### What the task requires
Below are records; output exactly the lines from the one with "#155=CARTESIAN_POINT('',(0.,0.,0.));" through their final line.

### Data supplied
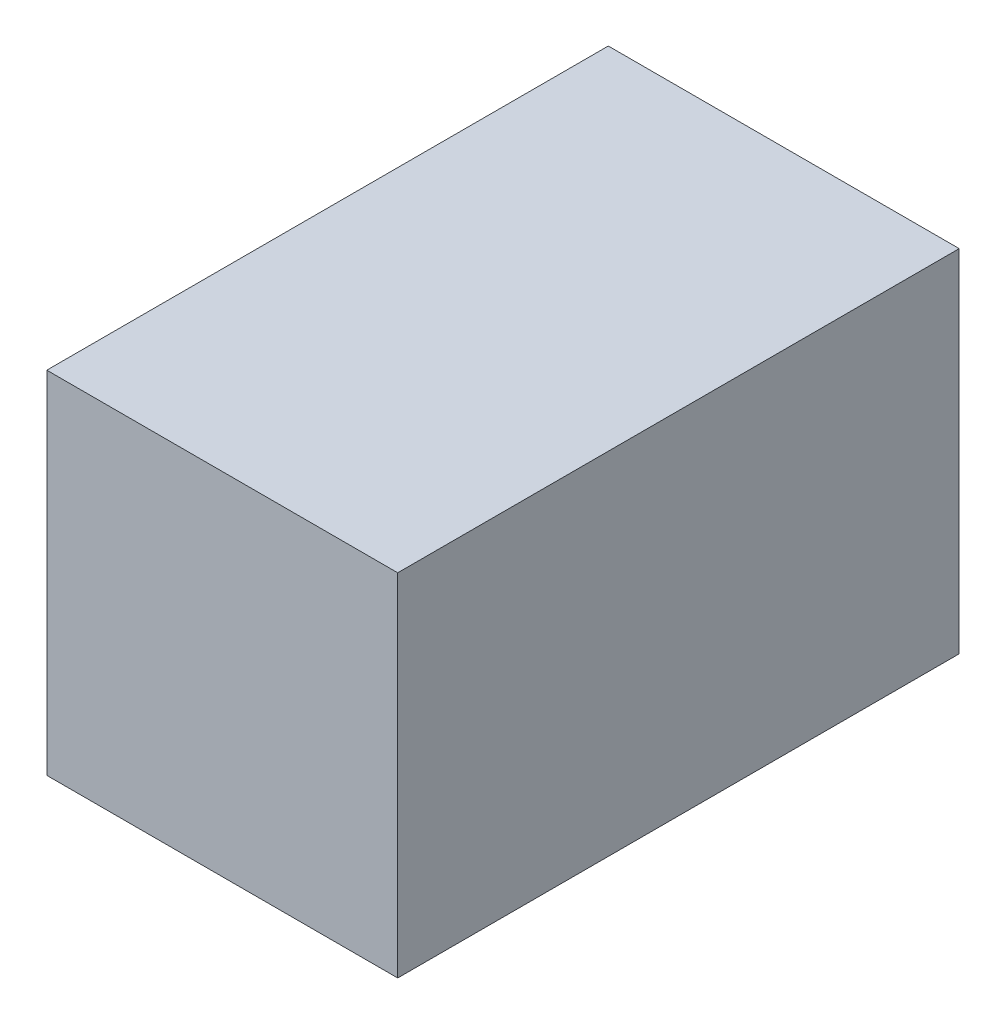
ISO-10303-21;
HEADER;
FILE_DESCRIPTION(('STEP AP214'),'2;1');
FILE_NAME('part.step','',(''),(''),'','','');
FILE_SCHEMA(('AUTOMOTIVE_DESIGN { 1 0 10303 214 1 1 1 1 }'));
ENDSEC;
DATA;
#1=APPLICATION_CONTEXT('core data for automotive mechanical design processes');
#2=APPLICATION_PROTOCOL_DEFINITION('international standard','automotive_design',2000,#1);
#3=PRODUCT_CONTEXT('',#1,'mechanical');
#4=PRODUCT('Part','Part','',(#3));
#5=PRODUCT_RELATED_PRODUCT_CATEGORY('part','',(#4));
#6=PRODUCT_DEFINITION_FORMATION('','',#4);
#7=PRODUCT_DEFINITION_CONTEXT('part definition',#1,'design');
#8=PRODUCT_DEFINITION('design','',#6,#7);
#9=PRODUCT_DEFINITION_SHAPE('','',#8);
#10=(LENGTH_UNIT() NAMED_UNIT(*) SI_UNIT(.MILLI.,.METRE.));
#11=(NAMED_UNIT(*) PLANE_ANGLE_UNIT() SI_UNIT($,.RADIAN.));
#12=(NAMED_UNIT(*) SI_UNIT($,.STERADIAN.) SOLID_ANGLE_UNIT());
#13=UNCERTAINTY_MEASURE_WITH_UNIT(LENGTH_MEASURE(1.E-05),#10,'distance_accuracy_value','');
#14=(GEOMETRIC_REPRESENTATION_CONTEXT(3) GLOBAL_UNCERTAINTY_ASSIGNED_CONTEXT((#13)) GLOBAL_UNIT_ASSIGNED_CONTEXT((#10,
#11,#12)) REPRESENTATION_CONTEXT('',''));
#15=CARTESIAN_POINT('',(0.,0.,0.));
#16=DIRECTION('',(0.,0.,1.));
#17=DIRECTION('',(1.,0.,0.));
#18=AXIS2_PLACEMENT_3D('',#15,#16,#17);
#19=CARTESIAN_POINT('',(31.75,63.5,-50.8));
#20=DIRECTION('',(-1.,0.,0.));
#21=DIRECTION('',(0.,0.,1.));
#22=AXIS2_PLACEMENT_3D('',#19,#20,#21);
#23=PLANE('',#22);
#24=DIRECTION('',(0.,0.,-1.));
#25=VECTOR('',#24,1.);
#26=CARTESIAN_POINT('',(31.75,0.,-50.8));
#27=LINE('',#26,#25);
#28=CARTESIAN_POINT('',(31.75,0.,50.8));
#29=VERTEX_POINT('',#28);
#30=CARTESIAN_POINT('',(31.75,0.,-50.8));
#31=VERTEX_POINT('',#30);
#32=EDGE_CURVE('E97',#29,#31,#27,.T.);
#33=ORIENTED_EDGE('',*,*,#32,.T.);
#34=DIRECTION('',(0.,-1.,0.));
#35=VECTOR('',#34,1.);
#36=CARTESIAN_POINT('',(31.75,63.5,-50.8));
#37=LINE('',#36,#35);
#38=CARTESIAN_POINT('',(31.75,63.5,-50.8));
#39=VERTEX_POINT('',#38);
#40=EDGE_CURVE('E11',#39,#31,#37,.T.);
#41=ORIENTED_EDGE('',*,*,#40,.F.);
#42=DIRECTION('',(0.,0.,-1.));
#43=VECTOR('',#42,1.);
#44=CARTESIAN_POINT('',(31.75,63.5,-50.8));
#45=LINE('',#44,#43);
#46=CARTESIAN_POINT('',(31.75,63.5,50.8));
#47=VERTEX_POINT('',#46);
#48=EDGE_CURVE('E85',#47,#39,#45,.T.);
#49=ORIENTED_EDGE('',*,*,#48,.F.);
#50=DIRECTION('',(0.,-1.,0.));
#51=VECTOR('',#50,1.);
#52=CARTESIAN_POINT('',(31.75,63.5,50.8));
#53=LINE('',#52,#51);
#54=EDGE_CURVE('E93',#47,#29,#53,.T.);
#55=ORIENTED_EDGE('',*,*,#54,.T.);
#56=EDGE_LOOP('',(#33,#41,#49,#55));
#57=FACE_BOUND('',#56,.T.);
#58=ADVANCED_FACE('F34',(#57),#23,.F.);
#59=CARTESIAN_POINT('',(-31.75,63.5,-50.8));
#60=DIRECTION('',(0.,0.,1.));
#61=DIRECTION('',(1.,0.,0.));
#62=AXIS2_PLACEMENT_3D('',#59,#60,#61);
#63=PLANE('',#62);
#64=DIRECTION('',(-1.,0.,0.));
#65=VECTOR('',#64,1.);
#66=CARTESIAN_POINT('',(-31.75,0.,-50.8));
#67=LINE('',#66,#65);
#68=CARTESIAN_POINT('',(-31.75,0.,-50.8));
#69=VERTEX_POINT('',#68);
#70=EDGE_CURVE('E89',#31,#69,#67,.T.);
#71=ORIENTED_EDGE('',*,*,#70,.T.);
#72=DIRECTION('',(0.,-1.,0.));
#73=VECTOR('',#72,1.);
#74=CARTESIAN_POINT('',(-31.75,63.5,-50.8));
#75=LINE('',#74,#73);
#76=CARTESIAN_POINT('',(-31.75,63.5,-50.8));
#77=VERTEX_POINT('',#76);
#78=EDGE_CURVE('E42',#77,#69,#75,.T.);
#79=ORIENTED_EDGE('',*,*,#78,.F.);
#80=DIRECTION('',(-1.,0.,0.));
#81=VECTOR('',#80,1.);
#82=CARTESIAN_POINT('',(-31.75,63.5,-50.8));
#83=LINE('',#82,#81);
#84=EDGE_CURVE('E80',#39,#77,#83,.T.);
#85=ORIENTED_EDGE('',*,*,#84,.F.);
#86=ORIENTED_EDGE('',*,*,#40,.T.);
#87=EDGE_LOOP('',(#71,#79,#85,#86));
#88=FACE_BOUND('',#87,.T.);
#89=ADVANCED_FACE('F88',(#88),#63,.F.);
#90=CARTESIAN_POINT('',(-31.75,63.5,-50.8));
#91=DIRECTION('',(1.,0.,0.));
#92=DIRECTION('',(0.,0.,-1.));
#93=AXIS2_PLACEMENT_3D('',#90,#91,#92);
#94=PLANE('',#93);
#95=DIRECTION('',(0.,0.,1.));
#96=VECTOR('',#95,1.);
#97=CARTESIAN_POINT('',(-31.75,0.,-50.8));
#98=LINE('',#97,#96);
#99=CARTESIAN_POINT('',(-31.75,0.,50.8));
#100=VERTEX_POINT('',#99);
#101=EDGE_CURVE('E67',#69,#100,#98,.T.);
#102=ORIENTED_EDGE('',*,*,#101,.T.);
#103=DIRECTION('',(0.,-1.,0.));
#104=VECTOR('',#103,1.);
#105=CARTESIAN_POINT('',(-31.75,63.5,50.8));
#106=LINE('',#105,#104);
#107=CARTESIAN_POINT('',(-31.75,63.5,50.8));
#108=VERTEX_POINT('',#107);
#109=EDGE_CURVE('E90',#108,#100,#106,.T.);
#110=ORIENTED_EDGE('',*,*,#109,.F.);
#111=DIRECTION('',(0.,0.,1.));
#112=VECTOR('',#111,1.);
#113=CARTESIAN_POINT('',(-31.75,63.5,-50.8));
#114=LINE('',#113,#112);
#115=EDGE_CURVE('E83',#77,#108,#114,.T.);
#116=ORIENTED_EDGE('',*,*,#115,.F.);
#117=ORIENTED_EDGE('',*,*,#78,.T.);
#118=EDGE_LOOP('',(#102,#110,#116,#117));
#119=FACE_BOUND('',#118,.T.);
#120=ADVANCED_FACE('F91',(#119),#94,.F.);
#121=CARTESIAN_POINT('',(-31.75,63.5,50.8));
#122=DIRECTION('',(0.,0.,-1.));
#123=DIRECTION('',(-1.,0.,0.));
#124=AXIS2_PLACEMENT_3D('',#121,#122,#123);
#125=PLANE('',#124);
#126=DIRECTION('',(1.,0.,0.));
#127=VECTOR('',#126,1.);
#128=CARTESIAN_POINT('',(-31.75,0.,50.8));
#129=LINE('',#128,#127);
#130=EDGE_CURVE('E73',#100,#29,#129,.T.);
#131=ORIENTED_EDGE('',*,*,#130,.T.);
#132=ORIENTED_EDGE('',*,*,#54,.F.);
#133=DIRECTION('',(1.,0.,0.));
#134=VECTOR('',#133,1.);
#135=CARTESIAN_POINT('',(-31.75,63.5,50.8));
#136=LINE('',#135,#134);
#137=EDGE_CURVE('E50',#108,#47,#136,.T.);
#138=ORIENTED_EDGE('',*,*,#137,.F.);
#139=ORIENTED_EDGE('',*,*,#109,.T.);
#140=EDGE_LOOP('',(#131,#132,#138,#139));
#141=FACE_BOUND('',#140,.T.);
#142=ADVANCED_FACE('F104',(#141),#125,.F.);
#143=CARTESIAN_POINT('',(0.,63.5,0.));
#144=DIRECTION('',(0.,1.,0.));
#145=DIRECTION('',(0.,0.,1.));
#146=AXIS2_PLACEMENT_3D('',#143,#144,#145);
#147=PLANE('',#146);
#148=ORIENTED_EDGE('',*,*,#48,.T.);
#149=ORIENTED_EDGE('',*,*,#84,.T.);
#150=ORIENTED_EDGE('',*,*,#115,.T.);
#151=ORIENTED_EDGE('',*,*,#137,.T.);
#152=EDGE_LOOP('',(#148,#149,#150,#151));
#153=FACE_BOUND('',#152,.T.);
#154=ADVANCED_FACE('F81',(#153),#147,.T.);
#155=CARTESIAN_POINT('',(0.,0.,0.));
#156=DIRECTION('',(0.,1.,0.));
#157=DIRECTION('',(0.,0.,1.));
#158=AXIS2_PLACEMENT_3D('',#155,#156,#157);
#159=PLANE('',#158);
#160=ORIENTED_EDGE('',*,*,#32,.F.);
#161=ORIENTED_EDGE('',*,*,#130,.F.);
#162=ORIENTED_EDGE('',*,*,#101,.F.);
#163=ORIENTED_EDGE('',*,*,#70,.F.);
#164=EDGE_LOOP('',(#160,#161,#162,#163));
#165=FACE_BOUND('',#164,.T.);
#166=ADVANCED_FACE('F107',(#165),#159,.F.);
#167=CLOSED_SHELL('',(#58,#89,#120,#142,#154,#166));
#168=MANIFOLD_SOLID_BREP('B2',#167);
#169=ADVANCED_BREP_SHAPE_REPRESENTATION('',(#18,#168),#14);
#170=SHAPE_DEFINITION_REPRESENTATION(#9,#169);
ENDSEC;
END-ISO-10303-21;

### Your solution
#155=CARTESIAN_POINT('',(0.,0.,0.));
#156=DIRECTION('',(0.,1.,0.));
#157=DIRECTION('',(0.,0.,1.));
#158=AXIS2_PLACEMENT_3D('',#155,#156,#157);
#159=PLANE('',#158);
#160=ORIENTED_EDGE('',*,*,#32,.F.);
#161=ORIENTED_EDGE('',*,*,#130,.F.);
#162=ORIENTED_EDGE('',*,*,#101,.F.);
#163=ORIENTED_EDGE('',*,*,#70,.F.);
#164=EDGE_LOOP('',(#160,#161,#162,#163));
#165=FACE_BOUND('',#164,.T.);
#166=ADVANCED_FACE('F107',(#165),#159,.F.);
#167=CLOSED_SHELL('',(#58,#89,#120,#142,#154,#166));
#168=MANIFOLD_SOLID_BREP('B2',#167);
#169=ADVANCED_BREP_SHAPE_REPRESENTATION('',(#18,#168),#14);
#170=SHAPE_DEFINITION_REPRESENTATION(#9,#169);
ENDSEC;
END-ISO-10303-21;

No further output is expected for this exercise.